Items listed in a dataset:
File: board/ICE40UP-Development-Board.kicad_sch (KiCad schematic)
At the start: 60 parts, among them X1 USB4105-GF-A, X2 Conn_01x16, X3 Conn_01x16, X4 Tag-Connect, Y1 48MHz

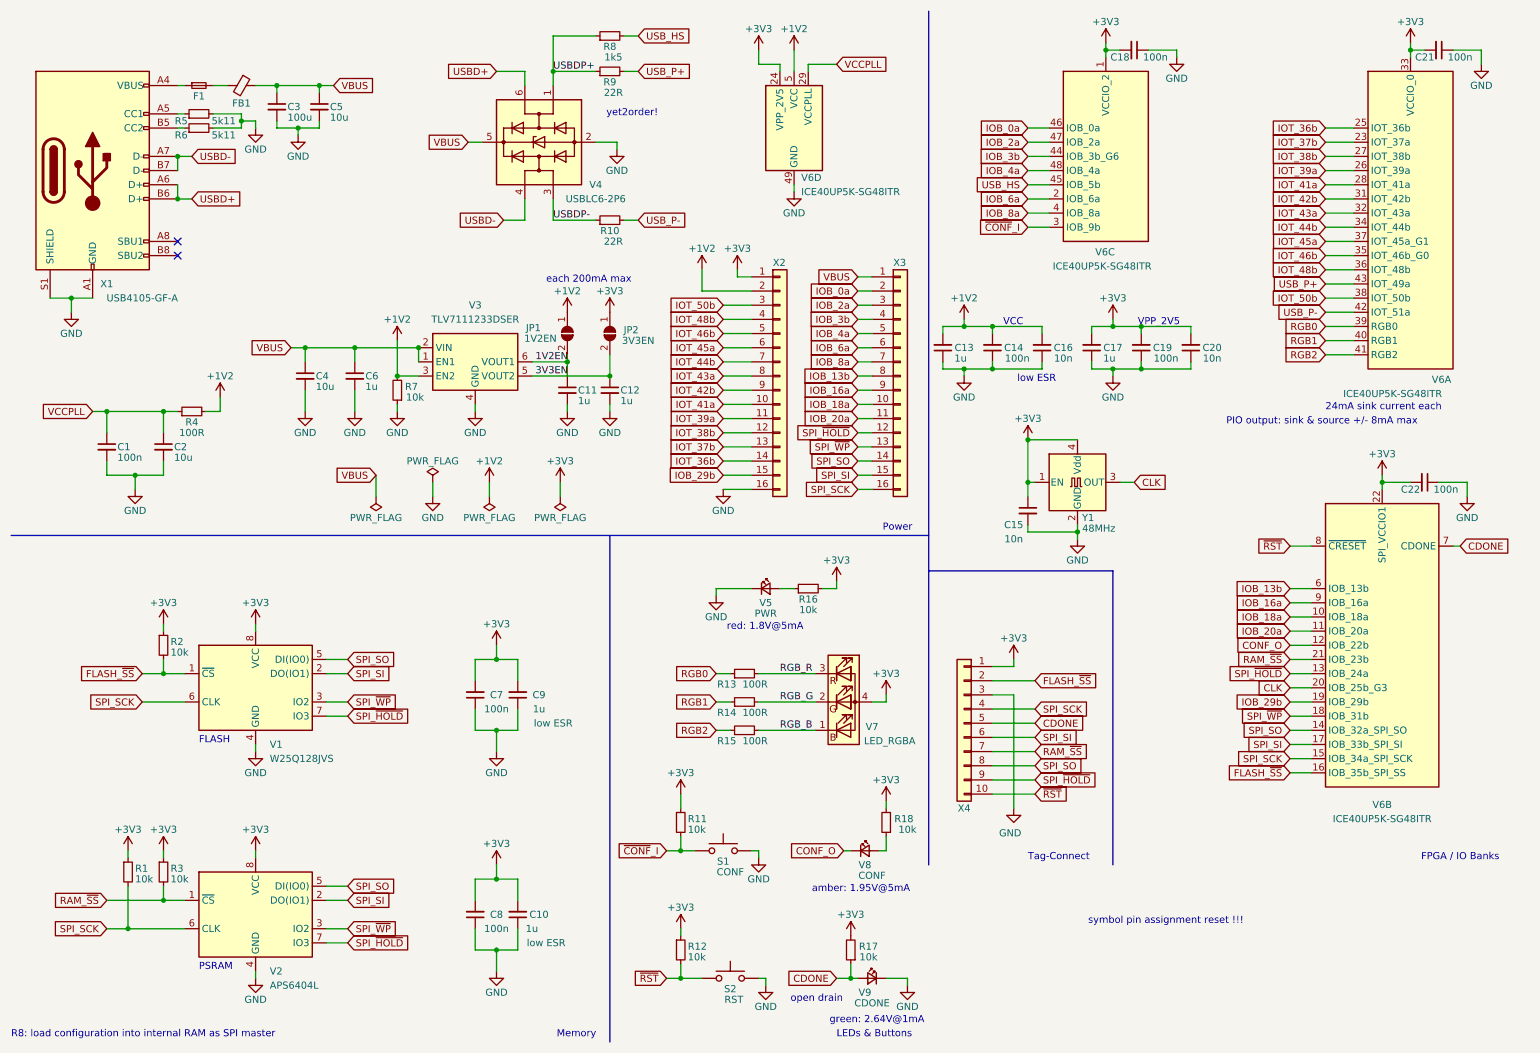
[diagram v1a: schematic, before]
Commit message: change led resistor values, again
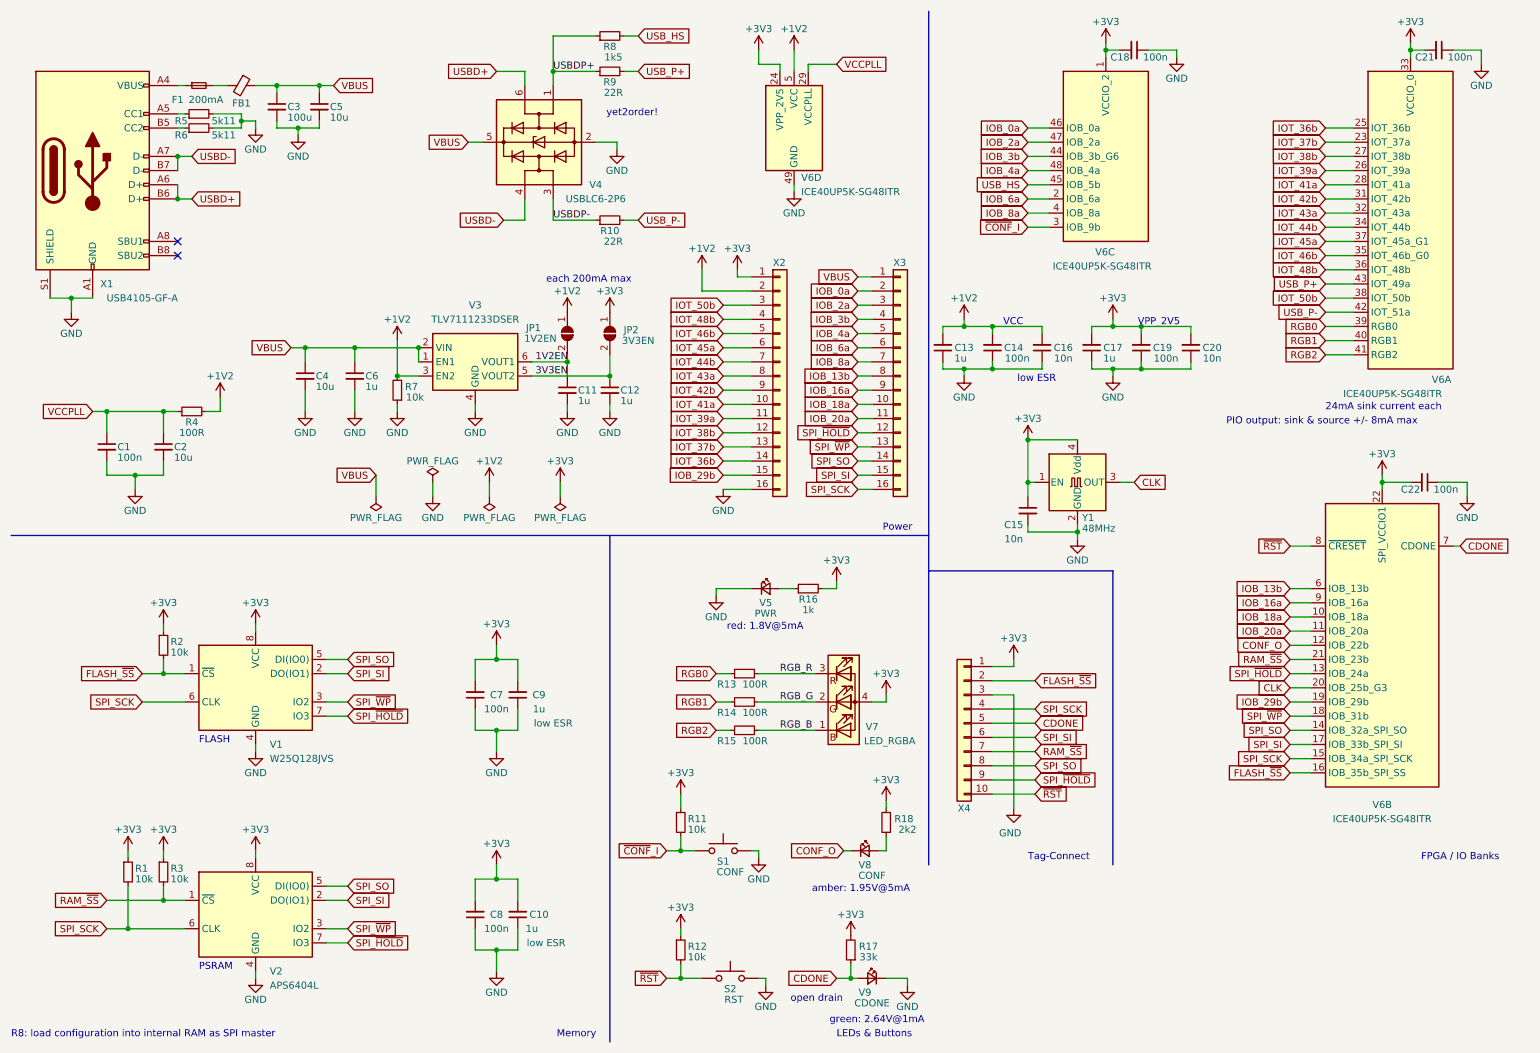
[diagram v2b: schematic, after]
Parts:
- F1: value Fuse_Small -> 200mA
- JP1, JP2: now left out of the parts list
- R16: value 10k -> 1k
- R17: value 10k -> 33k
- R18: value 10k -> 2k2
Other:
- note removed: "symbol pin assignment reset !!!"
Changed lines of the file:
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@@
-    (effects (font (size 1.27 1.27)) (justify left bottom))
-  )
-  (text "symbol pin assignment reset !!!" (at 205.105 177.165 0)
     (effects (font (size 1.27 1.27)) (justify left bottom))
   )
@@
   )
   (symbol (lib_id "Jumper:SolderJumper_2_Open") (at 111.76 71.12 270) (unit 1)
-    (in_bom yes) (on_board yes) (dnp no)
+    (in_bom no) (on_board yes) (dnp no)
     (property "Reference" "JP1" (at 105.664 70.104 90)
       (effects (font (size 1.27 1.27)))
@@
       (effects (font (size 1.27 1.27)))
     )
-    (property "Value" "10k" (at 172.72 160.02 0)
+    (property "Value" "2k2" (at 172.72 160.02 0)
       (effects (font (size 1.27 1.27)))
     )
@@
   (symbol (lib_id "Device:Fuse_Small") (at 45.72 26.67 0) (unit 1)
     (in_bom yes) (on_board yes) (dnp no)
-    (property "Reference" "F1" (at 45.72 28.575 0)
-      (effects (font (size 1.27 1.27)))
-    )
-    (property "Value" "Fuse_Small" (at 45.72 23.495 0)
-      (effects (font (size 1.27 1.27)) hide)
+    (property "Reference" "F1" (at 41.91 29.21 0)
+      (effects (font (size 1.27 1.27)))
+    )
+    (property "Value" "200mA" (at 46.99 29.21 0)
+      (effects (font (size 1.27 1.27)))
     )
     (property "Footprint" "Fuse:Fuse_0805_2012Metric" (at 45.72 26.67 0)
@@
       (effects (font (size 1.27 1.27)))
     )
-    (property "Value" "10k" (at 154.94 120.65 90)
+    (property "Value" "1k" (at 154.94 120.65 90)
       (effects (font (size 1.27 1.27)))
     )
@@
       (effects (font (size 1.27 1.27)))
     )
-    (property "Value" "10k" (at 165.735 182.88 0)
+    (property "Value" "33k" (at 165.735 182.88 0)
       (effects (font (size 1.27 1.27)))
     )
@@
   )
   (symbol (lib_id "Jumper:SolderJumper_2_Open") (at 119.38 71.12 270) (unit 1)
-    (in_bom yes) (on_board yes) (dnp no)
+    (in_bom no) (on_board yes) (dnp no)
     (property "Reference" "JP2" (at 123.19 70.485 90)
       (effects (font (size 1.27 1.27)))

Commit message: update rgb led resistors; change capacitor placement
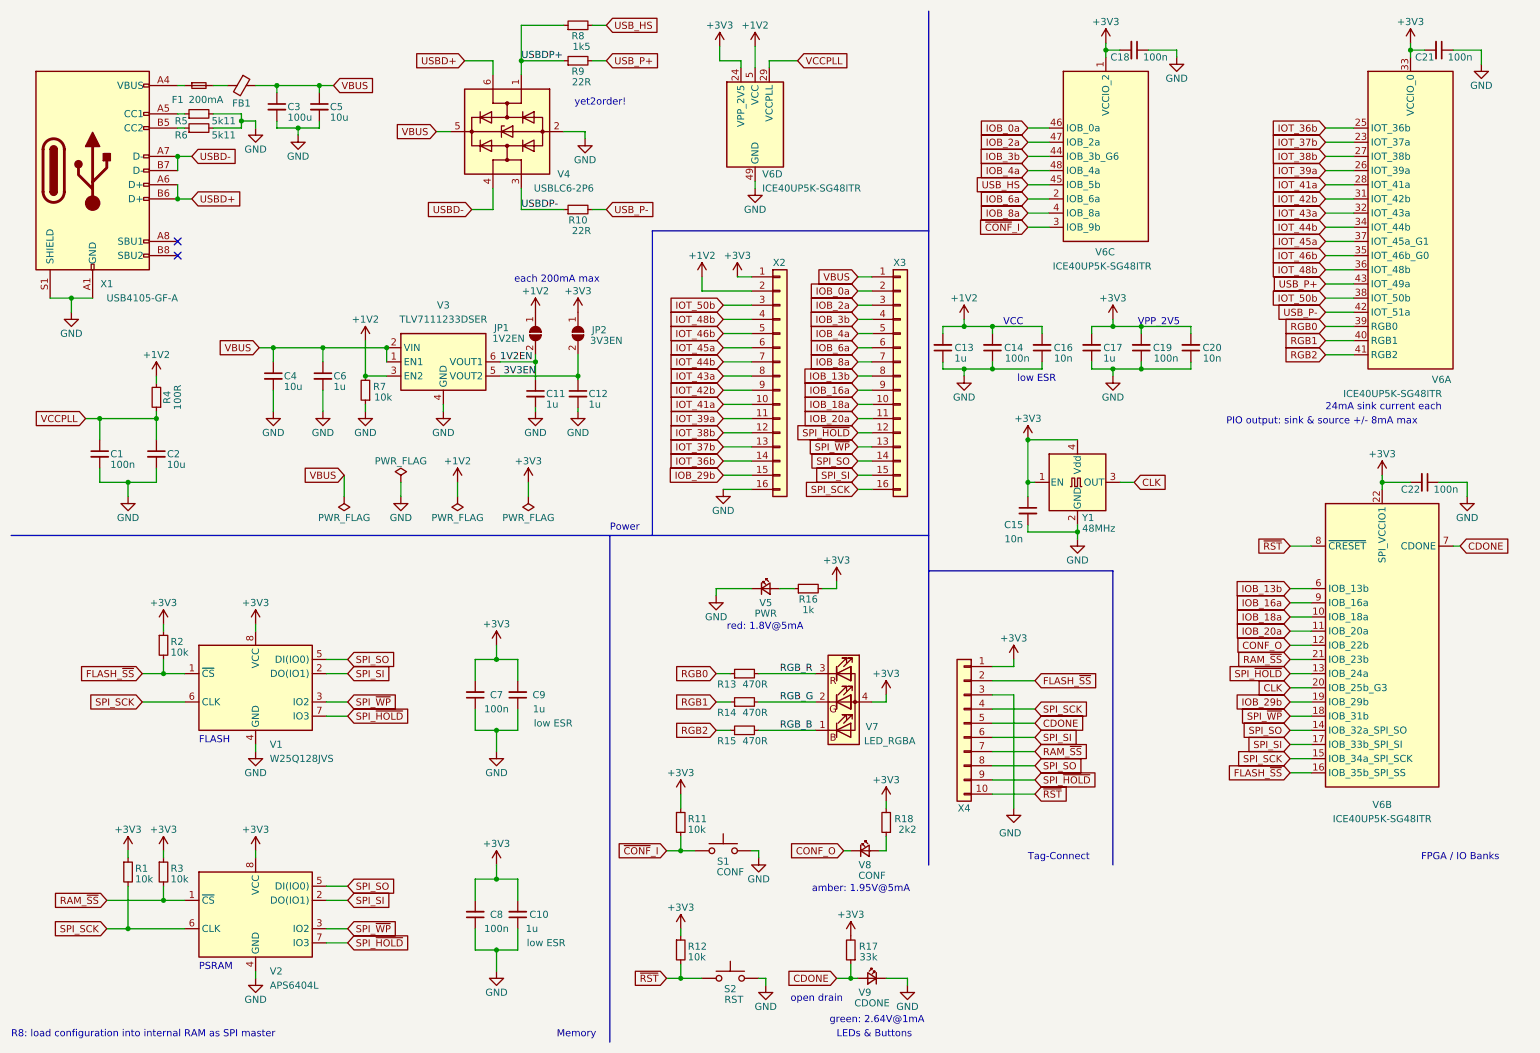
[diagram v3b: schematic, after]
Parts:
- R13, R14, R15: value 100R -> 470R
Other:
- moved on the sheet: C1, C11, C12, C2, C4, C6, JP1, JP2, R10, R4, R7, R8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

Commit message: add QSPI nWP & nHOLD pull-up resistors
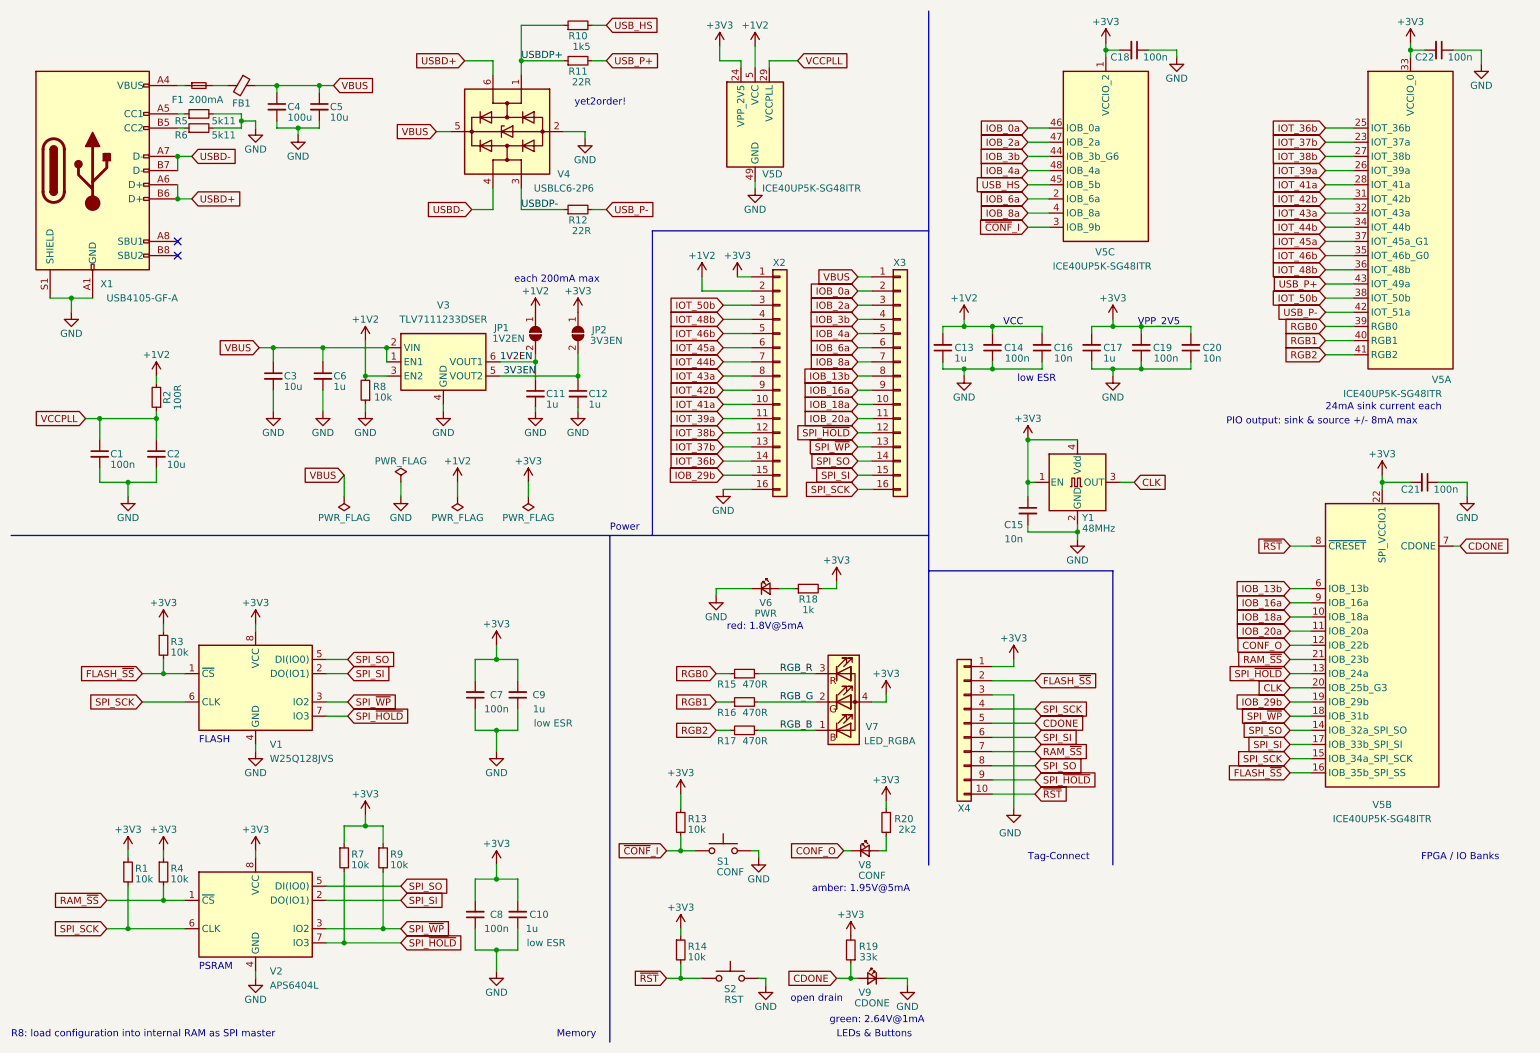
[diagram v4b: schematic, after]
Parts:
- added R7, R9: 10k, Resistor_SMD:R_0402_1005Metric, symbol Device:R_Small
- renumbered C22 to C21, C21 to C22, C4 to C3, C3 to C4, R8 to R10, R9 to R11, R10 to R12, R11 to R13, R12 to R14, R13 to R15, R14 to R16, R15 to R17, R16 to R18, R17 to R19, R4 to R2, R18 to R20, R2 to R3, R3 to R4, R7 to R8, V6 to V5, V5 to V6
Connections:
- net +3V3: now also R7.1, R9.1
- net SPI_~{HOLD}: now also R7.2
- net SPI_~{WP}: now also R9.2

- [Your goal] All lines above that contain "reset" are required in the answer.

- [Expected answer]
- note removed: "symbol pin assignment reset !!!"
-  (text "symbol pin assignment reset !!!" (at 205.105 177.165 0)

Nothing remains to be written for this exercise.